| Exercise |
Look below for lines that hold the string "color" and copy each one.

| Records to process |
- Opening Delimiter -

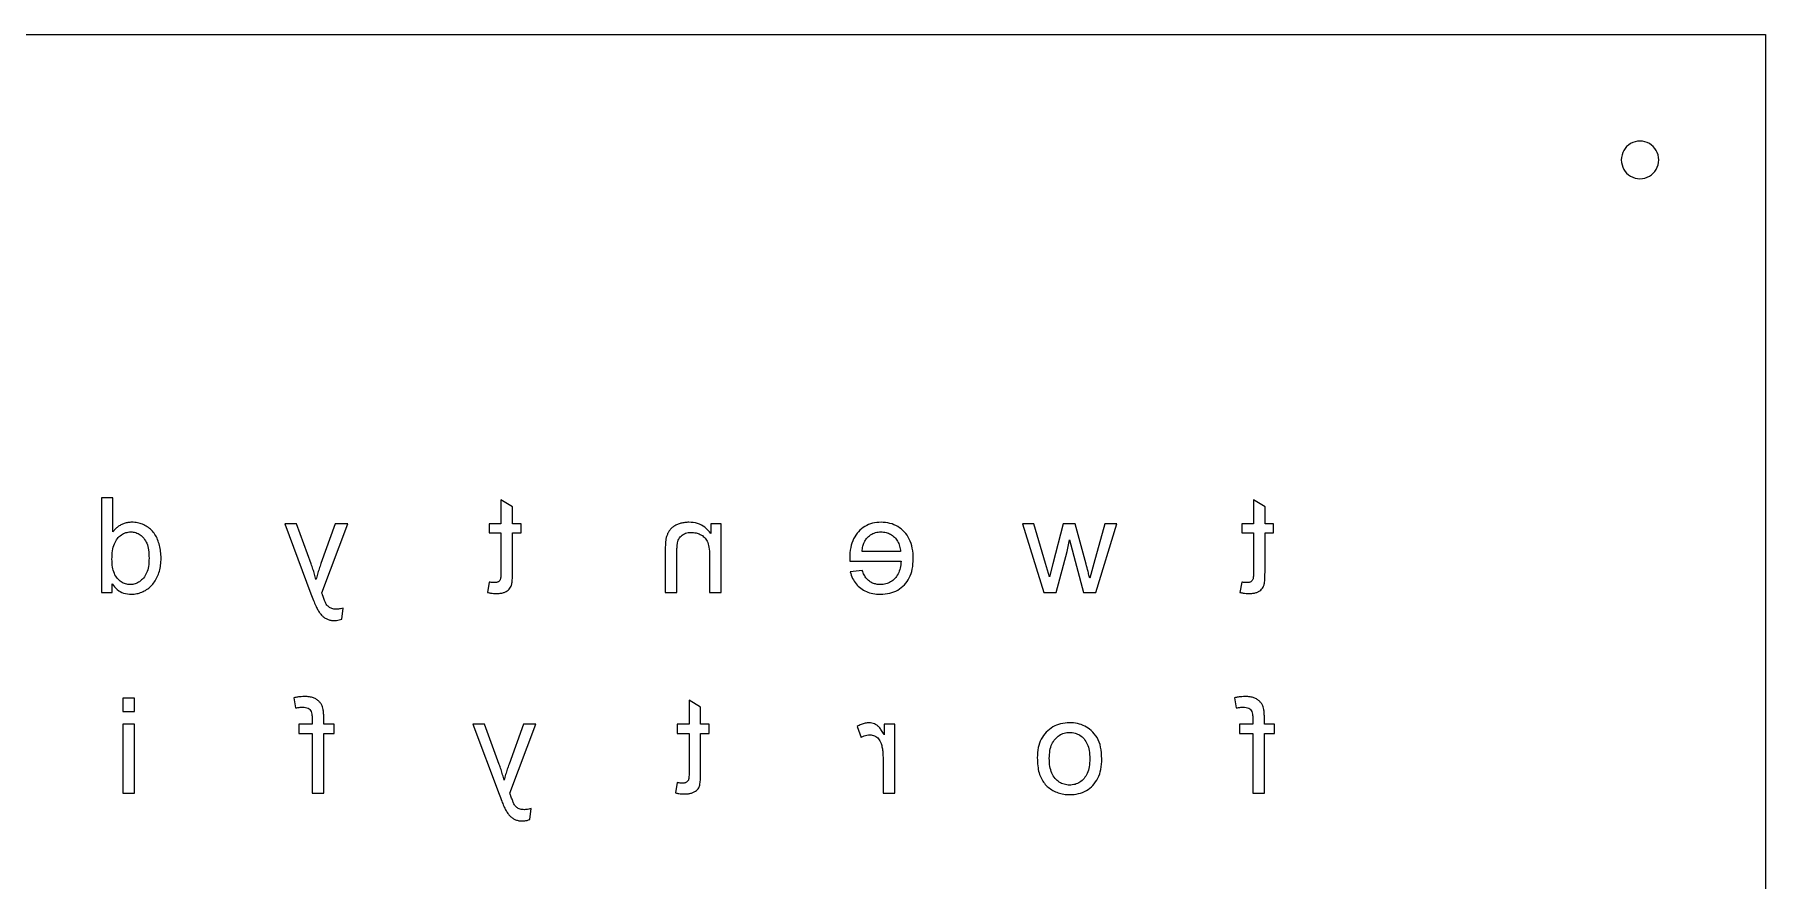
# Model space of a CAD drawing. Extents: x 20 to 296, y 20 to 296.
# Drawn here: x 158 to 296, y 228.5 to 296 of the extents above; entities that cross this region are included whole.
import ezdxf

# ---------------------------------------------------------------- set-up
doc = ezdxf.new("R2010")
doc.units = 0
doc.layers.add('english_lower_FINAL_Helvetica_C4_v3.0', color=7, linetype='CONTINUOUS')

msp = doc.modelspace()

# ---------------------------------------------------------------- linework, layer by layer
at = {"layer": 'english_lower_FINAL_Helvetica_C4_v3.0', "color": 1}
for p, q in [((19.999995, 296.000025), (295.999994, 296.000025)), ((295.999994, 296.000025), (295.999994, 20.000027))]:
    msp.add_line(p, q, dxfattribs=at)
at = {"layer": 'english_lower_FINAL_Helvetica_C4_v3.0', "color": 7}
for p, q in [((164.24602, 259.042852), (163.321012, 259.042852)), ((163.321012, 259.042852), (163.321012, 251.467087)), ((164.24602, 256.324672), (164.24602, 259.042852)), ((196.102909, 258.314215), (195.177901, 258.87232)), ((195.177901, 258.87232), (195.177901, 256.955125)), ((196.102909, 256.955125), (196.102909, 258.314215)), ((256.10293, 258.314215), (255.177922, 258.87232)), ((255.177922, 258.87232), (255.177922, 256.955125)), ((256.10293, 256.955125), (256.10293, 258.314215)), ((178.877345, 256.955125), (177.947169, 256.955125)), ((177.947169, 256.955125), (180.034897, 251.37407)), ((180.0504, 253.756353), (178.877345, 256.955125)), ((181.972763, 256.955125), (180.830714, 253.777024)), ((180.892726, 251.456752), (182.975286, 256.955125)), ((182.975286, 256.955125), (181.972763, 256.955125)), ((195.177901, 256.955125), (194.242558, 256.955125)), ((194.242558, 256.955125), (194.242558, 256.231654)), ((196.785038, 256.955125), (196.102909, 256.955125)), ((196.785038, 256.231654), (196.785038, 256.955125)), ((212.74453, 256.955125), (211.907372, 256.955125)), ((211.907372, 256.955125), (211.907372, 256.17481)), ((212.74453, 251.467087), (212.74453, 256.955125)), ((237.664665, 256.955125), (236.760327, 256.955125)), ((236.760327, 256.955125), (238.475985, 251.467087)), ((238.605176, 253.782191), (237.664665, 256.955125)), ((240.015943, 256.955125), (239.194287, 253.771856)), ((240.971956, 256.955125), (240.015943, 256.955125)), ((241.845288, 253.74085), (240.971956, 256.955125)), ((243.328402, 256.955125), (242.45507, 253.787359)), ((242.610099, 251.467087), (244.289583, 256.955125)), ((244.289583, 256.955125), (243.328402, 256.955125)), ((255.177922, 256.955125), (254.242579, 256.955125)), ((254.242579, 256.955125), (254.242579, 256.231654)), ((256.785059, 256.955125), (256.10293, 256.955125)), ((256.785059, 256.231654), (256.785059, 256.955125)), ((194.242558, 256.231654), (195.177901, 256.231654)), ((195.177901, 256.231654), (195.177901, 253.022548)), ((196.102909, 253.074224), (196.102909, 256.231654)), ((196.102909, 256.231654), (196.785038, 256.231654)), ((240.315666, 254.753708), (240.527539, 255.689052)), ((240.527539, 255.689052), (241.638582, 251.467087)), ((254.242579, 256.231654), (255.177922, 256.231654)), ((255.177922, 256.231654), (255.177922, 253.022548)), ((256.10293, 253.074224), (256.10293, 256.231654)), ((256.10293, 256.231654), (256.785059, 256.231654)), ((167.124397, 254.205938), (167.124397, 254.205938)), ((208.284854, 254.841558), (208.284854, 251.467087)), ((209.21503, 251.467087), (209.21503, 254.805385)), ((211.814354, 254.46432), (211.814354, 251.467087)), ((223.000639, 253.973394), (227.093413, 253.973394)), ((227.041736, 254.738205), (223.977323, 254.738205)), ((227.041736, 254.738205), (227.041736, 254.738205)), ((239.442334, 251.467087), (240.315666, 254.753708)), ((223.987659, 253.234421), (223.026477, 253.115566)), ((223.98766, 253.234421), (223.987659, 253.234421)), ((238.920402, 252.722825), (238.605176, 253.782191)), ((239.194287, 253.771856), (238.920402, 252.722825)), ((242.45507, 253.787359), (242.129508, 252.609136)), ((163.321012, 251.467087), (164.184008, 251.467087)), ((164.184008, 251.467087), (164.184008, 252.159551)), ((164.184008, 251.467087), (164.184008, 251.467087)), ((194.242558, 252.299078), (194.108199, 251.477423)), ((194.242558, 252.299078), (194.242558, 252.299078)), ((208.284854, 251.467087), (209.21503, 251.467087)), ((211.814354, 251.467087), (212.74453, 251.467087)), ((212.74453, 251.467087), (212.74453, 251.467087)), ((238.475985, 251.467087), (239.442334, 251.467087)), ((241.638582, 251.467087), (242.610099, 251.467087)), ((242.610099, 251.467087), (242.610099, 251.467087)), ((254.242579, 252.299078), (254.10822, 251.477423)), ((254.242579, 252.299078), (254.242579, 252.299078)), ((182.489527, 249.353521), (182.59288, 250.226853)), ((182.489527, 249.353521), (182.489527, 249.353521)), ((165.97193, 243.042863), (165.041754, 243.042863)), ((165.041754, 243.042863), (165.041754, 241.973161)), ((165.97193, 241.973161), (165.97193, 243.042863)), ((178.663776, 243.079036), (178.803303, 242.267717)), ((253.663803, 243.079036), (253.803329, 242.267717)), ((165.041754, 241.973161), (165.97193, 241.973161)), ((165.97193, 241.973161), (165.97193, 241.973161)), ((181.051228, 240.955135), (181.051228, 241.539079)), ((211.102915, 242.314226), (210.177906, 242.872331)), ((210.177906, 242.872331), (210.177906, 240.955135)), ((211.102915, 240.955135), (211.102915, 242.314226)), ((256.051254, 240.955135), (256.051254, 241.539079)), ((165.97193, 240.955135), (165.041754, 240.955135)), ((165.041754, 240.955135), (165.041754, 235.467098)), ((165.97193, 235.467098), (165.97193, 240.955135)), ((180.126219, 240.955135), (179.056517, 240.955135)), ((179.056517, 240.955135), (179.056517, 240.231665)), ((179.056517, 240.231665), (180.126219, 240.231665)), ((180.126219, 241.461564), (180.126219, 240.955135)), ((180.126219, 240.231665), (180.126219, 235.467098)), ((181.872883, 240.955135), (181.051228, 240.955135)), ((181.051228, 235.467098), (181.051228, 240.231665)), ((181.051228, 240.231665), (181.872883, 240.231665)), ((181.872883, 240.231665), (181.872883, 240.955135)), ((193.87735, 240.955135), (192.947174, 240.955135)), ((192.947174, 240.955135), (195.034902, 235.374081)), ((195.050405, 237.756364), (193.87735, 240.955135)), ((196.972768, 240.955135), (195.830719, 237.777035)), ((195.892731, 235.456763), (197.975291, 240.955135)), ((197.975291, 240.955135), (196.972768, 240.955135)), ((210.177906, 240.955135), (209.242563, 240.955135)), ((209.242563, 240.955135), (209.242563, 240.231665)), ((209.242563, 240.231665), (210.177906, 240.231665)), ((210.177906, 240.231665), (210.177906, 237.022559)), ((211.785043, 240.955135), (211.102915, 240.955135)), ((211.102915, 237.074235), (211.102915, 240.231665)), ((211.102915, 240.231665), (211.785043, 240.231665)), ((211.785043, 240.231665), (211.785043, 240.955135)), ((223.593099, 240.779435), (223.913493, 239.916439)), ((226.574829, 240.955135), (225.737671, 240.955135)), ((225.737671, 240.955135), (225.737671, 240.123145)), ((226.574829, 235.467098), (226.574829, 240.955135)), ((255.126246, 240.955135), (254.056544, 240.955135)), ((254.056544, 240.955135), (254.056544, 240.231665)), ((254.056544, 240.231665), (255.126246, 240.231665)), ((255.126246, 241.461564), (255.126246, 240.955135)), ((255.126246, 240.231665), (255.126246, 235.467098)), ((256.872909, 240.955135), (256.051254, 240.955135)), ((256.051254, 235.467098), (256.051254, 240.231665)), ((256.051254, 240.231665), (256.872909, 240.231665)), ((256.872909, 240.231665), (256.872909, 240.955135)), ((225.644653, 238.340308), (225.644653, 235.467098)), ((242.134759, 238.211117), (242.134759, 238.211117)), ((243.090773, 238.211117), (243.090773, 238.211117)), ((209.242563, 236.299089), (209.108204, 235.477433)), ((209.242563, 236.299089), (209.242563, 236.299089)), ((165.041754, 235.467098), (165.97193, 235.467098)), ((165.97193, 235.467098), (165.97193, 235.467098)), ((180.126219, 235.467098), (181.051228, 235.467098)), ((181.051228, 235.467098), (181.051228, 235.467098)), ((225.644653, 235.467098), (226.574829, 235.467098)), ((226.574829, 235.467098), (226.574829, 235.467098)), ((255.126246, 235.467098), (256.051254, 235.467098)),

- Closing Delimiter -

| Expected answer |
doc.layers.add('english_lower_FINAL_Helvetica_C4_v3.0', color=7, linetype='CONTINUOUS')
at = {"layer": 'english_lower_FINAL_Helvetica_C4_v3.0', "color": 1}
at = {"layer": 'english_lower_FINAL_Helvetica_C4_v3.0', "color": 7}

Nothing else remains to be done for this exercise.